Exercise: Use queries to explore trends

Completed

You've explored the raw data and range of an unfamiliar meteorological dataset. In this unit, you'll use visualizations to see how the data is distributed.

Timechart

Recall that some of the data columns you saw in the last unit were of type DateTime, and represented start and end times for storm events. To see which dates have storm-data events, you can plot a count of entries versus time.

Note that the previous unit used a subset of 50 data rows, whereas this unit will use the full dataset.

The following query creates a timechart of the number of storm events per 8-hour bin as a function of time.
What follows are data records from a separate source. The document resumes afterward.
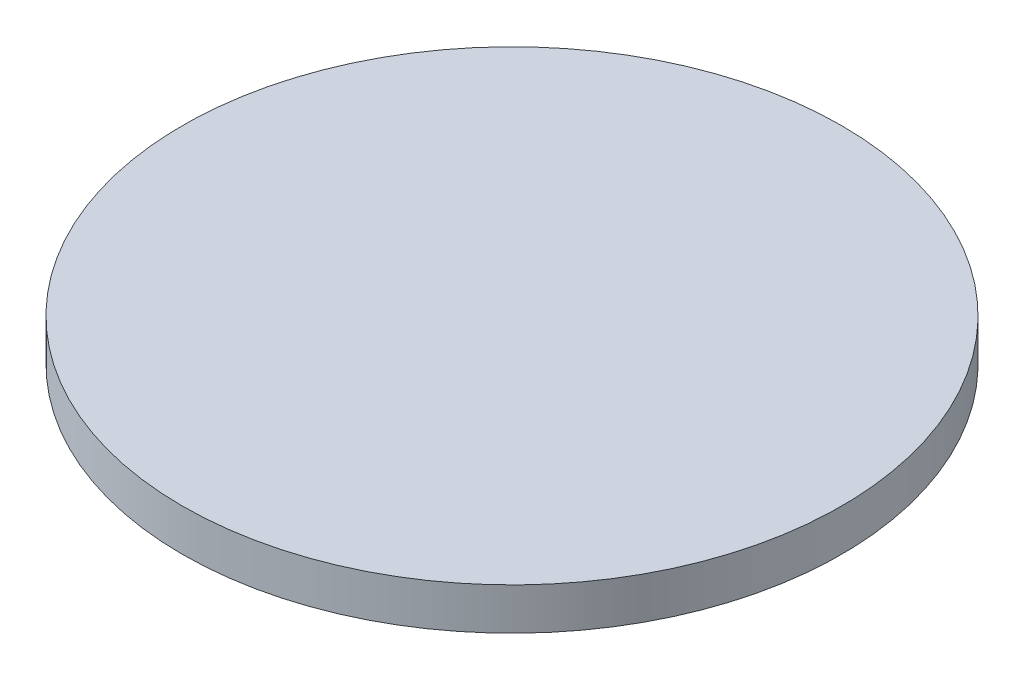
from build123d import *

# Parameters (mm, degrees)
SKETCH1_R           = 50
BOSS_EXTRUDE1_DEPTH = 6.35


with BuildPart() as part:
    # Sketch1 → Boss-Extrude1 (new body)
    with BuildSketch(Plane(origin=(0, 0, 0), x_dir=(1, 0, 0), z_dir=(0, 1, 0))):
        with Locations(Location((0, 0, 0), (0, 0, 270))):
            Circle(SKETCH1_R)
    extrude(amount=BOSS_EXTRUDE1_DEPTH)


solid = part.part
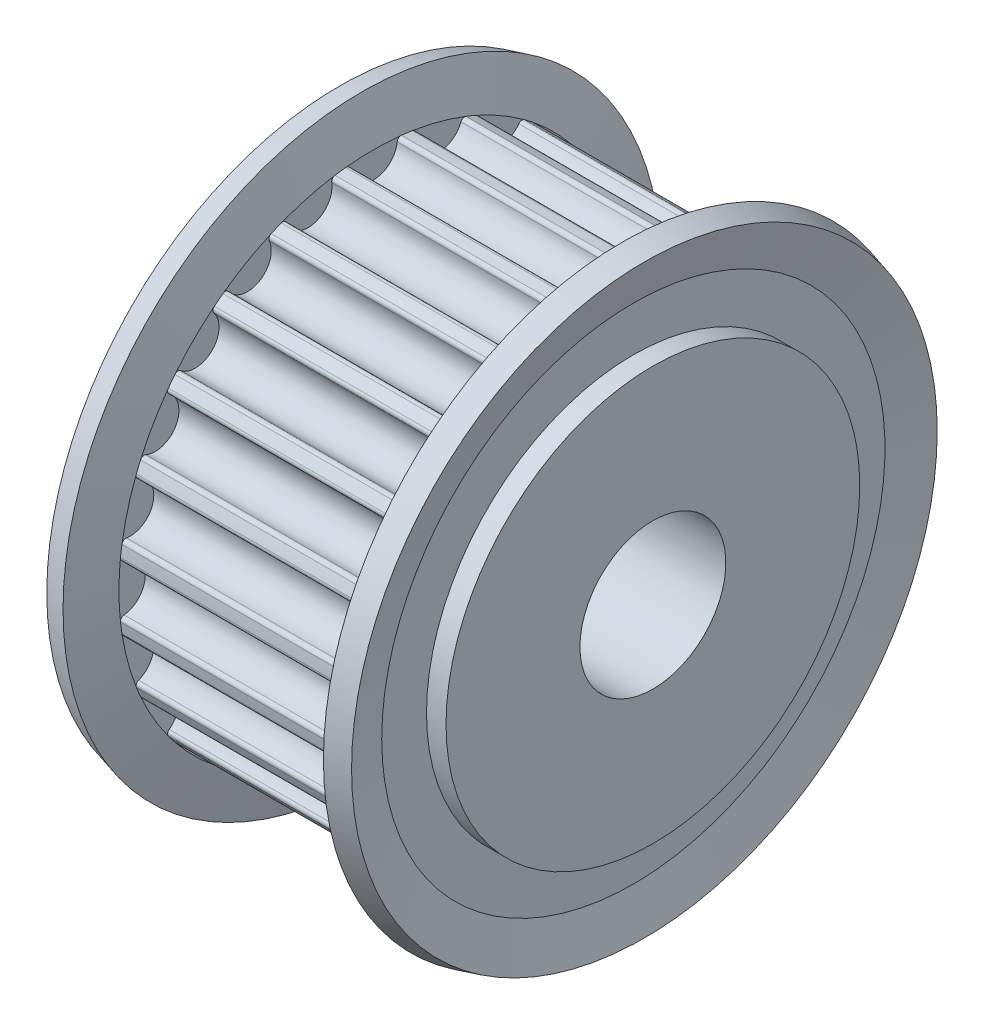
from build123d import *

# Parameters (mm, degrees)
CUT_EXTRUDE1_DEPTH       = 5.15
CUT_EXTRUDE1_DEPTH_BACK  = 5.15
CUT_EXTRUDE2_DEPTH       = 5.15
CUT_EXTRUDE2_DEPTH_BACK  = 5.15
CUT_EXTRUDE3_DEPTH       = 5.15
CUT_EXTRUDE3_DEPTH_BACK  = 5.15
CUT_EXTRUDE4_DEPTH       = 5.15
CUT_EXTRUDE4_DEPTH_BACK  = 5.15
CUT_EXTRUDE5_DEPTH       = 5.15
CUT_EXTRUDE5_DEPTH_BACK  = 5.15
CUT_EXTRUDE6_DEPTH       = 5.15
CUT_EXTRUDE6_DEPTH_BACK  = 5.15
CUT_EXTRUDE7_DEPTH       = 5.15
CUT_EXTRUDE7_DEPTH_BACK  = 5.15
CUT_EXTRUDE8_DEPTH       = 5.15
CUT_EXTRUDE8_DEPTH_BACK  = 5.15
CUT_EXTRUDE9_DEPTH       = 5.15
CUT_EXTRUDE9_DEPTH_BACK  = 5.15
CUT_EXTRUDE10_DEPTH      = 5.15
CUT_EXTRUDE10_DEPTH_BACK = 5.15
CUT_EXTRUDE11_DEPTH      = 5.15
CUT_EXTRUDE11_DEPTH_BACK = 5.15
CUT_EXTRUDE12_DEPTH      = 5.15
CUT_EXTRUDE12_DEPTH_BACK = 5.15
CUT_EXTRUDE13_DEPTH      = 5.15
CUT_EXTRUDE13_DEPTH_BACK = 5.15
CUT_EXTRUDE14_DEPTH      = 5.15
CUT_EXTRUDE14_DEPTH_BACK = 5.15
CUT_EXTRUDE15_DEPTH      = 5.15
CUT_EXTRUDE15_DEPTH_BACK = 5.15
CUT_EXTRUDE16_DEPTH      = 5.15
CUT_EXTRUDE16_DEPTH_BACK = 5.15
CUT_EXTRUDE17_DEPTH      = 5.15
CUT_EXTRUDE17_DEPTH_BACK = 5.15
CUT_EXTRUDE18_DEPTH      = 5.15
CUT_EXTRUDE18_DEPTH_BACK = 5.15
CUT_EXTRUDE19_DEPTH      = 5.15
CUT_EXTRUDE19_DEPTH_BACK = 5.15
CUT_EXTRUDE20_DEPTH      = 5.15
CUT_EXTRUDE20_DEPTH_BACK = 5.15
CUT_EXTRUDE21_DEPTH      = 5.15
CUT_EXTRUDE21_DEPTH_BACK = 5.15
CUT_EXTRUDE22_DEPTH      = 5.15
CUT_EXTRUDE22_DEPTH_BACK = 5.15
CUT_EXTRUDE23_DEPTH      = 5.15
CUT_EXTRUDE23_DEPTH_BACK = 5.15
CUT_EXTRUDE24_DEPTH      = 5.15
CUT_EXTRUDE24_DEPTH_BACK = 5.15
SKETCH26_W               = 14
SKETCH26_H               = 3.175


with BuildPart() as part:
    # Sketch1 → Revolve1 (revolve)
    with BuildSketch(Plane.XY):
        Polygon((0, 0), (0, 9), (0.85, 9), (0.85, 10.948347502), (0.369611724, 12.741180955), (1.335537551, 13), (1.85, 11.08), (12.15, 11.08), (12.664462449, 13), (13.630388276, 12.741180955), (13.15, 10.948347502), (13.15, 9), (14, 9), (14, 0), align=None)
    revolve(axis=Axis((14, 0, 0), (-1, 0, 0)))

    # Sketch2 → Cut-Extrude1 (cut, two sides: drawn at the far end of the back side and taken through both)
    with BuildSketch(Plane(origin=(7, 0, 0), x_dir=(0, 0, -1), z_dir=(1, 0, 0)).offset(-CUT_EXTRUDE1_DEPTH_BACK)):
        with BuildLine():
            Line((-1.253585937, 11.391230061), (-1.212018515, 11.01351039))
            ThreePointArc((-1.212018515, 11.01351039), (-1.086763232, 10.976907979), (-1.024354367, 10.862305378))
            ThreePointArc((-1.024354367, 10.862305378), (0, 9.94), (1.024354367, 10.862305378))
            ThreePointArc((1.024354367, 10.862305378), (1.086763232, 10.976907979), (1.212018515, 11.01351039))
            Line((1.212018515, 11.01351039), (1.253585937, 11.391230061))
            ThreePointArc((1.253585937, 11.391230061), (0, 11.46), (-1.253585937, 11.391230061))
        make_face()
    extrude(amount=CUT_EXTRUDE1_DEPTH + CUT_EXTRUDE1_DEPTH_BACK, mode=Mode.SUBTRACT)

    # Sketch3 → Cut-Extrude2 (cut, two sides: drawn at the far end of the back side and taken through both)
    with BuildSketch(Plane(origin=(7, 0, 0), x_dir=(0, 0, -1), z_dir=(1, 0, 0)).offset(-CUT_EXTRUDE2_DEPTH_BACK)):
        with BuildLine():
            Line((-4.159138319, 10.678631394), (-4.021226228, 10.324540649))
            ThreePointArc((-4.021226228, 10.324540649), (-3.890765514, 10.321603888), (-3.800821844, 10.227058879))
            ThreePointArc((-3.800821844, 10.227058879), (-2.572661308, 9.601302713), (-1.821921168, 10.757303717))
            ThreePointArc((-1.821921168, 10.757303717), (-1.791300169, 10.884153932), (-1.679786257, 10.951927599))
            Line((-1.679786257, 10.951927599), (-1.737396255, 11.327535224))
            ThreePointArc((-1.737396255, 11.327535224), (-2.966066257, 11.069509969), (-4.159138319, 10.678631394))
        make_face()
    extrude(amount=CUT_EXTRUDE2_DEPTH + CUT_EXTRUDE2_DEPTH_BACK, mode=Mode.SUBTRACT)

    # Sketch4 → Cut-Extrude3 (cut, two sides: drawn at the far end of the back side and taken through both)
    with BuildSketch(Plane(origin=(7, 0, 0), x_dir=(0, 0, -1), z_dir=(1, 0, 0)).offset(-CUT_EXTRUDE3_DEPTH_BACK)):
        with BuildLine():
            Line((-6.781252298, 9.238301645), (-6.556394019, 8.931970525))
            ThreePointArc((-6.556394019, 8.931970525), (-6.429618556, 8.962899549), (-6.318269593, 8.894855218))
            ThreePointArc((-6.318269593, 8.894855218), (-4.97, 8.608292514), (-4.544035785, 9.919209585))
            ThreePointArc((-4.544035785, 9.919209585), (-4.547289423, 10.049662781), (-4.457116371, 10.14398904))
            Line((-4.457116371, 10.14398904), (-4.609977763, 10.491887582))
            ThreePointArc((-4.609977763, 10.491887582), (-5.73, 9.924651127), (-6.781252298, 9.238301645))
        make_face()
    extrude(amount=CUT_EXTRUDE3_DEPTH + CUT_EXTRUDE3_DEPTH_BACK, mode=Mode.SUBTRACT)

    # Sketch5 → Cut-Extrude4 (cut, two sides: drawn at the far end of the back side and taken through both)
    with BuildSketch(Plane(origin=(7, 0, 0), x_dir=(0, 0, -1), z_dir=(1, 0, 0)).offset(-CUT_EXTRUDE4_DEPTH_BACK)):
        with BuildLine():
            Line((-8.941235139, 7.168396905), (-8.644754393, 6.930701371))
            ThreePointArc((-8.644754393, 6.930701371), (-8.530303719, 6.993388418), (-8.405137711, 6.956481873))
            ThreePointArc((-8.405137711, 6.956481873), (-7.028641405, 7.028641405), (-6.956481873, 8.405137711))
            ThreePointArc((-6.956481873, 8.405137711), (-6.993388418, 8.530303719), (-6.930701371, 8.644754393))
            Line((-6.930701371, 8.644754393), (-7.168396905, 8.941235139))
            ThreePointArc((-7.168396905, 8.941235139), (-8.103443712, 8.103443712), (-8.941235139, 7.168396905))
        make_face()
    extrude(amount=CUT_EXTRUDE4_DEPTH + CUT_EXTRUDE4_DEPTH_BACK, mode=Mode.SUBTRACT)

    # Sketch6 → Cut-Extrude5 (cut, two sides: drawn at the far end of the back side and taken through both)
    with BuildSketch(Plane(origin=(7, 0, 0), x_dir=(0, 0, -1), z_dir=(1, 0, 0)).offset(-CUT_EXTRUDE5_DEPTH_BACK)):
        with BuildLine():
            Line((-10.491887582, 4.609977763), (-10.14398904, 4.457116371))
            ThreePointArc((-10.14398904, 4.457116371), (-10.049662781, 4.547289423), (-9.919209585, 4.544035785))
            ThreePointArc((-9.919209585, 4.544035785), (-8.608292514, 4.97), (-8.894855218, 6.318269593))
            ThreePointArc((-8.894855218, 6.318269593), (-8.962899549, 6.429618556), (-8.931970525, 6.556394019))
            Line((-8.931970525, 6.556394019), (-9.238301645, 6.781252298))
            ThreePointArc((-9.238301645, 6.781252298), (-9.924651127, 5.73), (-10.491887582, 4.609977763))
        make_face()
    extrude(amount=CUT_EXTRUDE5_DEPTH + CUT_EXTRUDE5_DEPTH_BACK, mode=Mode.SUBTRACT)

    # Sketch7 → Cut-Extrude6 (cut, two sides: drawn at the far end of the back side and taken through both)
    with BuildSketch(Plane(origin=(7, 0, 0), x_dir=(0, 0, -1), z_dir=(1, 0, 0)).offset(-CUT_EXTRUDE6_DEPTH_BACK)):
        with BuildLine():
            Line((-11.327535224, 1.737396255), (-10.951927599, 1.679786257))
            ThreePointArc((-10.951927599, 1.679786257), (-10.884153932, 1.791300169), (-10.757303717, 1.821921168))
            ThreePointArc((-10.757303717, 1.821921168), (-9.601302713, 2.572661308), (-10.227058879, 3.800821844))
            ThreePointArc((-10.227058879, 3.800821844), (-10.321603888, 3.890765514), (-10.324540649, 4.021226228))
            Line((-10.324540649, 4.021226228), (-10.678631394, 4.159138319))
            ThreePointArc((-10.678631394, 4.159138319), (-11.069509969, 2.966066257), (-11.327535224, 1.737396255))
        make_face()
    extrude(amount=CUT_EXTRUDE6_DEPTH + CUT_EXTRUDE6_DEPTH_BACK, mode=Mode.SUBTRACT)

    # Sketch8 → Cut-Extrude7 (cut, two sides: drawn at the far end of the back side and taken through both)
    with BuildSketch(Plane(origin=(7, 0, 0), x_dir=(0, 0, -1), z_dir=(1, 0, 0)).offset(-CUT_EXTRUDE7_DEPTH_BACK)):
        with BuildLine():
            Line((-11.391230061, -1.253585937), (-11.01351039, -1.212018515))
            ThreePointArc((-11.01351039, -1.212018515), (-10.976907979, -1.086763232), (-10.862305378, -1.024354367))
            ThreePointArc((-10.862305378, -1.024354367), (-9.94, 0), (-10.862305378, 1.024354367))
            ThreePointArc((-10.862305378, 1.024354367), (-10.976907979, 1.086763232), (-11.01351039, 1.212018515))
            Line((-11.01351039, 1.212018515), (-11.391230061, 1.253585937))
            ThreePointArc((-11.391230061, 1.253585937), (-11.46, 0), (-11.391230061, -1.253585937))
        make_face()
    extrude(amount=CUT_EXTRUDE7_DEPTH + CUT_EXTRUDE7_DEPTH_BACK, mode=Mode.SUBTRACT)

    # Sketch9 → Cut-Extrude8 (cut, two sides: drawn at the far end of the back side and taken through both)
    with BuildSketch(Plane(origin=(7, 0, 0), x_dir=(0, 0, -1), z_dir=(1, 0, 0)).offset(-CUT_EXTRUDE8_DEPTH_BACK)):
        with BuildLine():
            Line((-10.678631394, -4.159138319), (-10.324540649, -4.021226228))
            ThreePointArc((-10.324540649, -4.021226228), (-10.321603888, -3.890765514), (-10.227058879, -3.800821844))
            ThreePointArc((-10.227058879, -3.800821844), (-9.601302713, -2.572661308), (-10.757303717, -1.821921168))
            ThreePointArc((-10.757303717, -1.821921168), (-10.884153932, -1.791300169), (-10.951927599, -1.679786257))
            Line((-10.951927599, -1.679786257), (-11.327535224, -1.737396255))
            ThreePointArc((-11.327535224, -1.737396255), (-11.069509969, -2.966066257), (-10.678631394, -4.159138319))
        make_face()
    extrude(amount=CUT_EXTRUDE8_DEPTH + CUT_EXTRUDE8_DEPTH_BACK, mode=Mode.SUBTRACT)

    # Sketch10 → Cut-Extrude9 (cut, two sides: drawn at the far end of the back side and taken through both)
    with BuildSketch(Plane(origin=(7, 0, 0), x_dir=(0, 0, -1), z_dir=(1, 0, 0)).offset(-CUT_EXTRUDE9_DEPTH_BACK)):
        with BuildLine():
            Line((-9.238301645, -6.781252298), (-8.931970525, -6.556394019))
            ThreePointArc((-8.931970525, -6.556394019), (-8.962899549, -6.429618556), (-8.894855218, -6.318269593))
            ThreePointArc((-8.894855218, -6.318269593), (-8.608292514, -4.97), (-9.919209585, -4.544035785))
            ThreePointArc((-9.919209585, -4.544035785), (-10.049662781, -4.547289423), (-10.14398904, -4.457116371))
            Line((-10.14398904, -4.457116371), (-10.491887582, -4.609977763))
            ThreePointArc((-10.491887582, -4.609977763), (-9.924651127, -5.73), (-9.238301645, -6.781252298))
        make_face()
    extrude(amount=CUT_EXTRUDE9_DEPTH + CUT_EXTRUDE9_DEPTH_BACK, mode=Mode.SUBTRACT)

    # Sketch11 → Cut-Extrude10 (cut, two sides: drawn at the far end of the back side and taken through both)
    with BuildSketch(Plane(origin=(7, 0, 0), x_dir=(0, 0, -1), z_dir=(1, 0, 0)).offset(-CUT_EXTRUDE10_DEPTH_BACK)):
        with BuildLine():
            Line((-7.168396905, -8.941235139), (-6.930701371, -8.644754393))
            ThreePointArc((-6.930701371, -8.644754393), (-6.993388418, -8.530303719), (-6.956481873, -8.405137711))
            ThreePointArc((-6.956481873, -8.405137711), (-7.028641405, -7.028641405), (-8.405137711, -6.956481873))
            ThreePointArc((-8.405137711, -6.956481873), (-8.530303719, -6.993388418), (-8.644754393, -6.930701371))
            Line((-8.644754393, -6.930701371), (-8.941235139, -7.168396905))
            ThreePointArc((-8.941235139, -7.168396905), (-8.103443712, -8.103443712), (-7.168396905, -8.941235139))
        make_face()
    extrude(amount=CUT_EXTRUDE10_DEPTH + CUT_EXTRUDE10_DEPTH_BACK, mode=Mode.SUBTRACT)

    # Sketch12 → Cut-Extrude11 (cut, two sides: drawn at the far end of the back side and taken through both)
    with BuildSketch(Plane(origin=(7, 0, 0), x_dir=(0, 0, -1), z_dir=(1, 0, 0)).offset(-CUT_EXTRUDE11_DEPTH_BACK)):
        with BuildLine():
            Line((-4.609977763, -10.491887582), (-4.457116371, -10.14398904))
            ThreePointArc((-4.457116371, -10.14398904), (-4.547289423, -10.049662781), (-4.544035785, -9.919209585))
            ThreePointArc((-4.544035785, -9.919209585), (-4.97, -8.608292514), (-6.318269593, -8.894855218))
            ThreePointArc((-6.318269593, -8.894855218), (-6.429618556, -8.962899549), (-6.556394019, -8.931970525))
            Line((-6.556394019, -8.931970525), (-6.781252298, -9.238301645))
            ThreePointArc((-6.781252298, -9.238301645), (-5.73, -9.924651127), (-4.609977763, -10.491887582))
        make_face()
    extrude(amount=CUT_EXTRUDE11_DEPTH + CUT_EXTRUDE11_DEPTH_BACK, mode=Mode.SUBTRACT)

    # Sketch13 → Cut-Extrude12 (cut, two sides: drawn at the far end of the back side and taken through both)
    with BuildSketch(Plane(origin=(7, 0, 0), x_dir=(0, 0, -1), z_dir=(1, 0, 0)).offset(-CUT_EXTRUDE12_DEPTH_BACK)):
        with BuildLine():
            Line((-1.737396255, -11.327535224), (-1.679786257, -10.951927599))
            ThreePointArc((-1.679786257, -10.951927599), (-1.791300169, -10.884153932), (-1.821921168, -10.757303717))
            ThreePointArc((-1.821921168, -10.757303717), (-2.572661308, -9.601302713), (-3.800821844, -10.227058879))
            ThreePointArc((-3.800821844, -10.227058879), (-3.890765514, -10.321603888), (-4.021226228, -10.324540649))
            Line((-4.021226228, -10.324540649), (-4.159138319, -10.678631394))
            ThreePointArc((-4.159138319, -10.678631394), (-2.966066257, -11.069509969), (-1.737396255, -11.327535224))
        make_face()
    extrude(amount=CUT_EXTRUDE12_DEPTH + CUT_EXTRUDE12_DEPTH_BACK, mode=Mode.SUBTRACT)

    # Sketch14 → Cut-Extrude13 (cut, two sides: drawn at the far end of the back side and taken through both)
    with BuildSketch(Plane(origin=(7, 0, 0), x_dir=(0, 0, -1), z_dir=(1, 0, 0)).offset(-CUT_EXTRUDE13_DEPTH_BACK)):
        with BuildLine():
            Line((1.253585937, -11.391230061), (1.212018515, -11.01351039))
            ThreePointArc((1.212018515, -11.01351039), (1.086763232, -10.976907979), (1.024354367, -10.862305378))
            ThreePointArc((1.024354367, -10.862305378), (0, -9.94), (-1.024354367, -10.862305378))
            ThreePointArc((-1.024354367, -10.862305378), (-1.086763232, -10.976907979), (-1.212018515, -11.01351039))
            Line((-1.212018515, -11.01351039), (-1.253585937, -11.391230061))
            ThreePointArc((-1.253585937, -11.391230061), (0, -11.46), (1.253585937, -11.391230061))
        make_face()
    extrude(amount=CUT_EXTRUDE13_DEPTH + CUT_EXTRUDE13_DEPTH_BACK, mode=Mode.SUBTRACT)

    # Sketch15 → Cut-Extrude14 (cut, two sides: drawn at the far end of the back side and taken through both)
    with BuildSketch(Plane(origin=(7, 0, 0), x_dir=(0, 0, -1), z_dir=(1, 0, 0)).offset(-CUT_EXTRUDE14_DEPTH_BACK)):
        with BuildLine():
            Line((4.159138319, -10.678631394), (4.021226228, -10.324540649))
            ThreePointArc((4.021226228, -10.324540649), (3.890765514, -10.321603888), (3.800821844, -10.227058879))
            ThreePointArc((3.800821844, -10.227058879), (2.572661308, -9.601302713), (1.821921168, -10.757303717))
            ThreePointArc((1.821921168, -10.757303717), (1.791300169, -10.884153932), (1.679786257, -10.951927599))
            Line((1.679786257, -10.951927599), (1.737396255, -11.327535224))
            ThreePointArc((1.737396255, -11.327535224), (2.966066257, -11.069509969), (4.159138319, -10.678631394))
        make_face()
    extrude(amount=CUT_EXTRUDE14_DEPTH + CUT_EXTRUDE14_DEPTH_BACK, mode=Mode.SUBTRACT)

    # Sketch16 → Cut-Extrude15 (cut, two sides: drawn at the far end of the back side and taken through both)
    with BuildSketch(Plane(origin=(7, 0, 0), x_dir=(0, 0, -1), z_dir=(1, 0, 0)).offset(-CUT_EXTRUDE15_DEPTH_BACK)):
        with BuildLine():
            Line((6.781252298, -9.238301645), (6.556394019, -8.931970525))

  1. Run the following query:

    Run the query

    StormEvents
    | summarize Count = count() by bin (StartTime, 8h)
    | render timechart
    

    You should get results that look like the following image:

    Screenshot of time chart results.

  2. Take a look at the resulting graph. Do you see any obvious gaps or anomalies?

Events by state

Another way to look at data distribution is to group by event location (in this case, state) to see what kind of trends can be understood from the distribution.

  1. Run the following query:

    Run the query

    StormEvents
    | summarize event = count() by State
    | sort by event
    | render barchart 
    

    You should get results that look like the following image:

    Screenshot of bar chart showing damage by state.

  2. Take a look at the resulting graph. There are 67 different states in the list, including those which aren't official states in the US, such as "American Samoa" and "Hawaii waters". Does this type of geographical storm distribution make sense?

  3. You can look at the underlying data by selecting the Table tab above the chart. Do the actual numbers help you understand the data distribution better?

    Screenshot of data table for damage chart.

Events by geographic location

You've seen how the number of events vary based on time and state. Recall that the schema mapping showed that each storm event entry contains latitudinal and longitudinal information. Let's take a look at how the data clusters on a map.

  1. The following query groups events by geographic cell, and counts the number of events in each cell. These results are displayed on a map, where the circle size corresponds to the number of events in that cell. Run the following query:

    Run the query

    StormEvents
    | project BeginLon, BeginLat
    | where isnotnull(BeginLat) and isnotnull(BeginLon)
    | summarize count_summary=count() by hash = geo_point_to_s2cell(BeginLon, BeginLat,6)
    | project geo_s2cell_to_central_point(hash), count_summary
    | extend Events = "count"
    | render piechart with (kind = map)
    

    You should get results that look like the following image:

    Screenshot of map chart result with circles showing number of events in a given area.

  2. Try zooming in by pressing Ctrl +. Now that you've seen the types of storms represented, does it make sense that there are more of these types of storms in the northeastern area of the US and the gulf of Mexico?